02 March 2011
Wills & estates: Hitchcock v Pratt Part I - conflict between the Succession Act and the Constitution
The NSW Supreme Court recently considered aspects of the Succession Act 2006 (Act) in Hitchcock v Pratt  NSWSC 1508. The case had interesting implications for legal advisers by considering the cross jurisdictional issues (domestic or international) that can sometimes arise for clients who are making or defending a family provision claim.
Richard Pratt (the deceased) was domiciled in Victoria at his date of death in April 2009. Probate of his Will was granted by the Supreme Court of Victoria to his widow, Jeanne Pratt (the defendant).
The estate mostly comprised shares, all of which were located in Victoria by virtue of the shares being in companies registered in Victoria and share registers kept in Victoria.
Sharilea Hitchcock and her daughter Paula Hitchcock (the plaintiffs) commenced proceedings in the Supreme Court of New South Wales for family provision orders even though the deceased left no direct estate in NSW. Sharilea Hitchcock claimed eligibility for provision as the de facto partner of the deceased. Paula Hitchcock claimed eligibility as a daughter of the deceased.
This Bartier Bulletin will look at the jurisdictional issues that arose:
Does the Court have authority to make an order?
Section 64 of the Act says:
"A family provision order may be made in respect of property situated in or outside New South Wales when, or at any time after, the order is made, whether or not the deceased person was, at the time of death, domiciled in New South Wales."

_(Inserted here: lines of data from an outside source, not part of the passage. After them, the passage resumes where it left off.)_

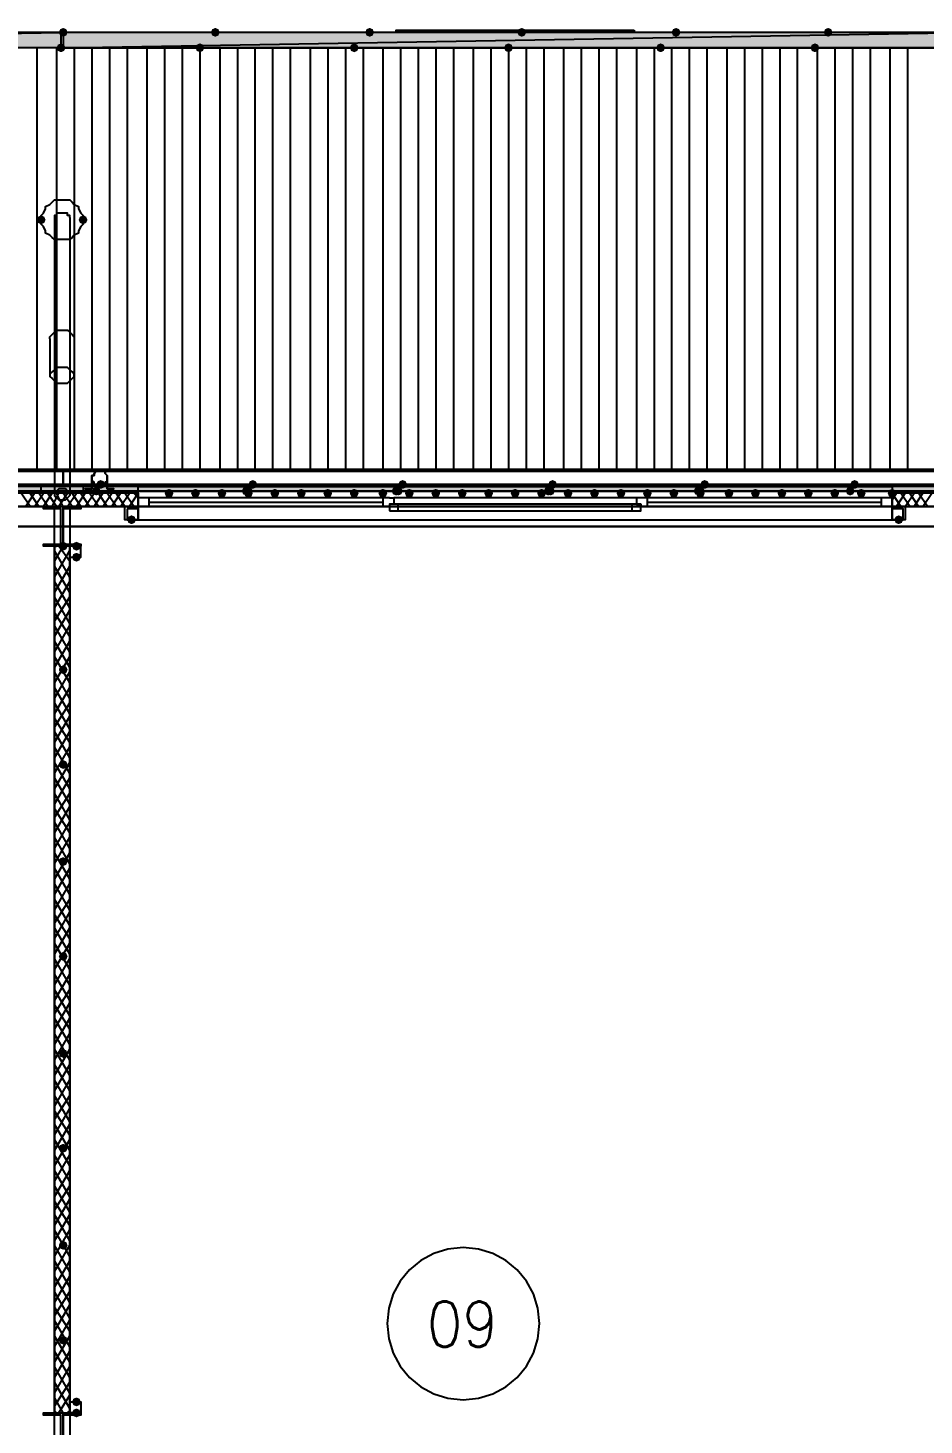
# Model space of a CAD drawing. Header units: millimetres. Extents: x 0 to 420, y 0 to 297.
# Drawn here: x 293.79 to 311, y 203.18 to 230 of the extents above; entities that cross this region are included whole.
import ezdxf

# ---------------------------------------------------------------- set-up
doc = ezdxf.new("R2010")
doc.units = ezdxf.units.MM
doc.layers.get('0').update_dxf_attribs({"linetype": 'CONTINUOUS'})
doc.styles.get("Standard").update_dxf_attribs({"font": 'STANDARD'})

msp = doc.modelspace()

# ---------------------------------------------------------------- hatches: boundary and pattern name
at = {"true_color": 0x000007}
h = msp.add_hatch(color=0, dxfattribs=at)
h.paths.add_polyline_path([(294.428333, 229.616), (277.071667, 229.616), (294.428333, 229.912333)], flags=0)
h.paths.add_polyline_path([(277.071667, 229.616), (294.428333, 229.912333), (277.071667, 229.912333)], flags=0)
at = {"true_color": 0x0000fe}
for points in [[(294.555333, 229.912333), (294.530463, 229.852537), (294.470667, 229.827667), (294.410871, 229.852537), (294.386, 229.912333), (294.410871, 229.972129), (294.470667, 229.997), (294.530462, 229.972129)], [(297.476333, 229.912333), (297.451462, 229.852537), (297.391667, 229.827667), (297.331871, 229.852537), (297.307, 229.912333), (297.331871, 229.972129), (297.391667, 229.997), (297.451462, 229.972129)], [(300.439667, 229.912333), (300.414796, 229.852537), (300.355, 229.827667), (300.295204, 229.852537), (300.270333, 229.912333), (300.295204, 229.972129), (300.355, 229.997), (300.414796, 229.972129)], [(303.360667, 229.912333), (303.335796, 229.852537), (303.276, 229.827667), (303.216204, 229.852537), (303.191333, 229.912333), (303.216204, 229.972129), (303.276, 229.997), (303.335796, 229.972129)], [(306.324, 229.912333), (306.299129, 229.852537), (306.239333, 229.827667), (306.179537, 229.852537), (306.154667, 229.912333), (306.179537, 229.972129), (306.239333, 229.997), (306.299129, 229.972129)], [(309.245, 229.912333), (309.220129, 229.852537), (309.160333, 229.827667), (309.100537, 229.852537), (309.075667, 229.912333), (309.100537, 229.972129), (309.160333, 229.997), (309.220129, 229.972129)], [(294.513, 229.616), (294.488129, 229.556204), (294.428333, 229.531333), (294.368538, 229.556204), (294.343667, 229.616), (294.368537, 229.675796), (294.428333, 229.700667), (294.488129, 229.675796)], [(297.18, 229.616), (297.155129, 229.556204), (297.095333, 229.531333), (297.035538, 229.556204), (297.010667, 229.616), (297.035537, 229.675796), (297.095333, 229.700667), (297.155129, 229.675796)], [(300.143333, 229.616), (300.118462, 229.556204), (300.058667, 229.531333), (299.998871, 229.556204), (299.974, 229.616), (299.998871, 229.675796), (300.058667, 229.700667), (300.118462, 229.675796)], [(303.106667, 229.616), (303.081796, 229.556204), (303.022, 229.531333), (302.962204, 229.556204), (302.937333, 229.616), (302.962204, 229.675796), (303.022, 229.700667), (303.081796, 229.675796)], [(306.027667, 229.616), (306.002796, 229.556204), (305.943, 229.531333), (305.883204, 229.556204), (305.858333, 229.616), (305.883204, 229.675796), (305.943, 229.700667), (306.002796, 229.675796)], [(308.991, 229.616), (308.966129, 229.556204), (308.906333, 229.531333), (308.846537, 229.556204), (308.821667, 229.616), (308.846537, 229.675796), (308.906333, 229.700667), (308.966129, 229.675796)], [(295.275, 221.234), (295.250129, 221.174204), (295.190333, 221.149333), (295.130538, 221.174204), (295.105667, 221.234), (295.130537, 221.293796), (295.190333, 221.318667), (295.250129, 221.293796)], [(298.196, 221.234), (298.171129, 221.174204), (298.111333, 221.149333), (298.051537, 221.174204), (298.026667, 221.234), (298.051537, 221.293796), (298.111333, 221.318667), (298.171129, 221.293796)], [(301.074667, 221.234), (301.049796, 221.174204), (300.99, 221.149333), (300.930204, 221.174204), (300.905333, 221.234), (300.930204, 221.293796), (300.99, 221.318667), (301.049796, 221.293796)], [(303.953333, 221.234), (303.928463, 221.174204), (303.868667, 221.149333), (303.808871, 221.174204), (303.784, 221.234), (303.808871, 221.293796), (303.868667, 221.318667), (303.928462, 221.293796)], [(306.874333, 221.234), (306.849462, 221.174204), (306.789667, 221.149333), (306.729871, 221.174204), (306.705, 221.234), (306.729871, 221.293796), (306.789667, 221.318667), (306.849462, 221.293796)], [(309.753, 221.234), (309.728129, 221.174204), (309.668333, 221.149333), (309.608538, 221.174204), (309.583667, 221.234), (309.608537, 221.293796), (309.668333, 221.318667), (309.728129, 221.293796)], [(295.190333, 221.107), (295.165462, 221.047204), (295.105667, 221.022333), (295.045871, 221.047204), (295.021, 221.107), (295.045871, 221.166796), (295.105667, 221.191667), (295.165462, 221.166796)], [(295.190333, 221.107), (295.165462, 221.047204), (295.105667, 221.022333), (295.045871, 221.047204), (295.021, 221.107), (295.045871, 221.166796), (295.105667, 221.191667), (295.165462, 221.166796)], [(295.190333, 221.107), (295.165462, 221.047204), (295.105667, 221.022333), (295.045871, 221.047204), (295.021, 221.107), (295.045871, 221.166796), (295.105667, 221.191667), (295.165462, 221.166796)], [(298.069, 221.107), (298.044129, 221.047204), (297.984333, 221.022333), (297.924537, 221.047204), (297.899667, 221.107), (297.924537, 221.166796), (297.984333, 221.191667), (298.044129, 221.166796)], [(298.111333, 221.107), (298.086462, 221.047204), (298.026667, 221.022333), (297.966871, 221.047204), (297.942, 221.107), (297.966871, 221.166796), (298.026667, 221.191667), (298.086462, 221.166796)], [(298.111333, 221.107), (298.086462, 221.047204), (298.026667, 221.022333), (297.966871, 221.047204), (297.942, 221.107), (297.966871, 221.166796), (298.026667, 221.191667), (298.086462, 221.166796)], [(300.947667, 221.107), (300.922796, 221.047204), (300.863, 221.022333), (300.803204, 221.047204), (300.778333, 221.107), (300.803204, 221.166796), (300.863, 221.191667), (300.922796, 221.166796)], [(300.99, 221.107), (300.965129, 221.047204), (300.905333, 221.022333), (300.845537, 221.047204), (300.820667, 221.107), (300.845537, 221.166796), (300.905333, 221.191667), (300.965129, 221.166796)], [(300.99, 221.107), (300.965129, 221.047204), (300.905333, 221.022333), (300.845537, 221.047204), (300.820667, 221.107), (300.845537, 221.166796), (300.905333, 221.191667), (300.965129, 221.166796)], [(303.868667, 221.107), (303.843796, 221.047204), (303.784, 221.022333), (303.724204, 221.047204), (303.699333, 221.107), (303.724204, 221.166796), (303.784, 221.191667), (303.843796, 221.166796)], [(303.911, 221.107), (303.886129, 221.047204), (303.826333, 221.022333), (303.766538, 221.047204), (303.741667, 221.107), (303.766537, 221.166796), (303.826333, 221.191667), (303.886129, 221.166796)], [(303.911, 221.107), (303.886129, 221.047204), (303.826333, 221.022333), (303.766538, 221.047204), (303.741667, 221.107), (303.766537, 221.166796), (303.826333, 221.191667), (303.886129, 221.166796)], [(306.747333, 221.107), (306.722462, 221.047204), (306.662667, 221.022333), (306.602871, 221.047204), (306.578, 221.107), (306.602871, 221.166796), (306.662667, 221.191667), (306.722462, 221.166796)], [(306.789667, 221.107), (306.764796, 221.047204), (306.705, 221.022333), (306.645204, 221.047204), (306.620333, 221.107), (306.645204, 221.166796), (306.705, 221.191667), (306.764796, 221.166796)], [(306.789667, 221.107), (306.764796, 221.047204), (306.705, 221.022333), (306.645204, 221.047204), (306.620333, 221.107), (306.645204, 221.166796), (306.705, 221.191667), (306.764796, 221.166796)], [(309.668333, 221.107), (309.643462, 221.047204), (309.583667, 221.022333), (309.523871, 221.047204), (309.499, 221.107), (309.523871, 221.166796), (309.583667, 221.191667), (309.643462, 221.166796)], [(309.668333, 221.107), (309.643462, 221.047204), (309.583667, 221.022333), (309.523871, 221.047204), (309.499, 221.107), (309.523871, 221.166796), (309.583667, 221.191667), (309.643462, 221.166796)], [(309.668333, 221.107), (309.643462, 221.047204), (309.583667, 221.022333), (309.523871, 221.047204), (309.499, 221.107), (309.523871, 221.166796), (309.583667, 221.191667), (309.643462, 221.166796)]]:
    msp.add_hatch(color=0, dxfattribs=at).paths.add_polyline_path(points, flags=0)
at = {"true_color": 0x000007}
h = msp.add_hatch(color=0, dxfattribs=at)
h.paths.add_polyline_path([(311.827333, 229.616), (294.470667, 229.616), (311.827333, 229.912333)], flags=0)
h.paths.add_polyline_path([(294.470667, 229.616), (311.827333, 229.912333), (294.470667, 229.912333)], flags=0)
for points in [[(294.132, 226.314), (294.107129, 226.254204), (294.047333, 226.229333), (293.987538, 226.254204), (293.962667, 226.314), (293.987537, 226.373796), (294.047333, 226.398667), (294.107129, 226.373796)], [(294.936333, 226.314), (294.911462, 226.254204), (294.851667, 226.229333), (294.791871, 226.254204), (294.767, 226.314), (294.791871, 226.373796), (294.851667, 226.398667), (294.911462, 226.373796)], [(296.587333, 221.064667), (296.562462, 221.004871), (296.502667, 220.98), (296.442871, 221.004871), (296.418, 221.064667), (296.442871, 221.124462), (296.502667, 221.149333), (296.562462, 221.124463)], [(297.095333, 221.064667), (297.070462, 221.004871), (297.010667, 220.98), (296.950871, 221.004871), (296.926, 221.064667), (296.950871, 221.124462), (297.010667, 221.149333), (297.070462, 221.124463)], [(297.603333, 221.064667), (297.578463, 221.004871), (297.518667, 220.98), (297.458871, 221.004871), (297.434, 221.064667), (297.458871, 221.124462), (297.518667, 221.149333), (297.578462, 221.124463)], [(298.111333, 221.064667), (298.086462, 221.004871), (298.026667, 220.98), (297.966871, 221.004871), (297.942, 221.064667), (297.966871, 221.124462), (298.026667, 221.149333), (298.086462, 221.124463)], [(298.619333, 221.064667), (298.594462, 221.004871), (298.534667, 220.98), (298.474871, 221.004871), (298.45, 221.064667), (298.474871, 221.124462), (298.534667, 221.149333), (298.594462, 221.124463)], [(299.127333, 221.064667), (299.102462, 221.004871), (299.042667, 220.98), (298.982871, 221.004871), (298.958, 221.064667), (298.982871, 221.124462), (299.042667, 221.149333), (299.102462, 221.124463)], [(299.635333, 221.064667), (299.610463, 221.004871), (299.550667, 220.98), (299.490871, 221.004871), (299.466, 221.064667), (299.490871, 221.124462), (299.550667, 221.149333), (299.610462, 221.124463)], [(300.143333, 221.064667), (300.118462, 221.004871), (300.058667, 220.98), (299.998871, 221.004871), (299.974, 221.064667), (299.998871, 221.124462), (300.058667, 221.149333), (300.118462, 221.124463)], [(300.693667, 221.064667), (300.668796, 221.004871), (300.609, 220.98), (300.549204, 221.004871), (300.524333, 221.064667), (300.549204, 221.124462), (300.609, 221.149333), (300.668796, 221.124463)], [(301.201667, 221.064667), (301.176796, 221.004871), (301.117, 220.98), (301.057204, 221.004871), (301.032333, 221.064667), (301.057204, 221.124462), (301.117, 221.149333), (301.176796, 221.124463)], [(301.709667, 221.064667), (301.684796, 221.004871), (301.625, 220.98), (301.565204, 221.004871), (301.540333, 221.064667), (301.565204, 221.124462), (301.625, 221.149333), (301.684796, 221.124463)], [(302.217667, 221.064667), (302.192796, 221.004871), (302.133, 220.98), (302.073204, 221.004871), (302.048333, 221.064667), (302.073204, 221.124462), (302.133, 221.149333), (302.192796, 221.124463)], [(302.725667, 221.064667), (302.700796, 221.004871), (302.641, 220.98), (302.581204, 221.004871), (302.556333, 221.064667), (302.581204, 221.124462), (302.641, 221.149333), (302.700796, 221.124463)], [(303.233667, 221.064667), (303.208796, 221.004871), (303.149, 220.98), (303.089204, 221.004871), (303.064333, 221.064667), (303.089204, 221.124462), (303.149, 221.149333), (303.208796, 221.124463)], [(303.741667, 221.064667), (303.716796, 221.004871), (303.657, 220.98), (303.597204, 221.004871), (303.572333, 221.064667), (303.597204, 221.124462), (303.657, 221.149333), (303.716796, 221.124463)], [(304.249667, 221.064667), (304.224796, 221.004871), (304.165, 220.98), (304.105204, 221.004871), (304.080333, 221.064667), (304.105204, 221.124462), (304.165, 221.149333), (304.224796, 221.124463)], [(304.757667, 221.064667), (304.732796, 221.004871), (304.673, 220.98), (304.613204, 221.004871), (304.588333, 221.064667), (304.613204, 221.124462), (304.673, 221.149333), (304.732796, 221.124463)], [(305.265667, 221.064667), (305.240796, 221.004871), (305.181, 220.98), (305.121204, 221.004871), (305.096333, 221.064667), (305.121204, 221.124462), (305.181, 221.149333), (305.240796, 221.124463)], [(305.773667, 221.064667), (305.748796, 221.004871), (305.689, 220.98), (305.629204, 221.004871), (305.604333, 221.064667), (305.629204, 221.124462), (305.689, 221.149333), (305.748796, 221.124463)], [(306.281667, 221.064667), (306.256796, 221.004871), (306.197, 220.98), (306.137204, 221.004871), (306.112333, 221.064667), (306.137204, 221.124462), (306.197, 221.149333), (306.256796, 221.124463)], [(306.789667, 221.064667), (306.764796, 221.004871), (306.705, 220.98), (306.645204, 221.004871), (306.620333, 221.064667), (306.645204, 221.124462), (306.705, 221.149333), (306.764796, 221.124463)], [(307.34, 221.064667), (307.315129, 221.004871), (307.255333, 220.98), (307.195538, 221.004871), (307.170667, 221.064667), (307.195537, 221.124462), (307.255333, 221.149333), (307.315129, 221.124463)], [(307.848, 221.064667), (307.823129, 221.004871), (307.763333, 220.98), (307.703538, 221.004871), (307.678667, 221.064667), (307.703537, 221.124462), (307.763333, 221.149333), (307.823129, 221.124463)], [(308.356, 221.064667), (308.331129, 221.004871), (308.271333, 220.98), (308.211537, 221.004871), (308.186667, 221.064667), (308.211537, 221.124462), (308.271333, 221.149333), (308.331129, 221.124463)], [(308.864, 221.064667), (308.839129, 221.004871), (308.779333, 220.98), (308.719538, 221.004871), (308.694667, 221.064667), (308.719537, 221.124462), (308.779333, 221.149333), (308.839129, 221.124463)], [(309.372, 221.064667), (309.347129, 221.004871), (309.287333, 220.98), (309.227538, 221.004871), (309.202667, 221.064667), (309.227537, 221.124462), (309.287333, 221.149333), (309.347129, 221.124463)], [(309.88, 221.064667), (309.855129, 221.004871), (309.795333, 220.98), (309.735537, 221.004871), (309.710667, 221.064667), (309.735537, 221.124462), (309.795333, 221.149333), (309.855129, 221.124463)], [(310.472667, 221.064667), (310.447796, 221.004871), (310.388, 220.98), (310.328204, 221.004871), (310.303333, 221.064667), (310.328204, 221.124462), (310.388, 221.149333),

The defendant contended that the NSW legislature could not authorise the Court to make a family provision order affecting assets outside of NSW that belonged to a person domiciled outside of NSW.
This issue was addressed when Windeyer J considered the corresponding section 11(1)(b) in the preceding Family Provision Act 1982 (NSW) in Balajan v Nitikin (1994) 35 NSWLR 51, 57. In Hitchcock v Pratt Brereton J concurred with the conclusion of Windeyer J in Balajan v Nitikin that the legislature had over-reached its authority by stating that an order could be made whether or not the deceased or their estate had any connection with NSW. Rather, the section should be read down to operate as intended so that it applied to assets located in NSW of persons who had died domiciled elsewhere, and to assets located outside of NSW of persons who had died domiciled in NSW.
Commenting that the section was re-enacted largely unchanged in the Succession Act 2006 (NSW), Brereton J said: "In short, it seems that the provision was re-enacted without adverting to the circumstance that it had been held to be unconstitutional."
Is s64 of the Succession Act 2006 invalid?
It was also submitted by the defendant that s64 was invalid under the Australian Constitution as it was inconsistent with Victorian law. Brereton J observed that conflicting state laws do not make one law valid and the other invalid. As such, the rules of private international law apply, and in this case, only the NSW law of succession in relation to immovables located in NSW will take effect. Section 64 was valid to the extent that it applies to:
assets in NSW of a deceased domiciled outside NSW; and
assets outside NSW of a deceased who died domiciled in NSW.
Can a family provision order be made if there is no grant of representation?
It was suggested that the action could not be commenced as the grant had not been resealed in NSW. The Court held that a grant of representation in NSW is not a precondition to commence family provision proceedings or for the making of a family provision order.
Legal practitioners should be mindful of the need for a "requisite connection" to NSW when advising clients wanting to make a family provision claim. The case has clear relevance in the multi-jurisdictional context being it across the Australian jurisdictions or for international clients with multi-jurisdictional estate planning issues.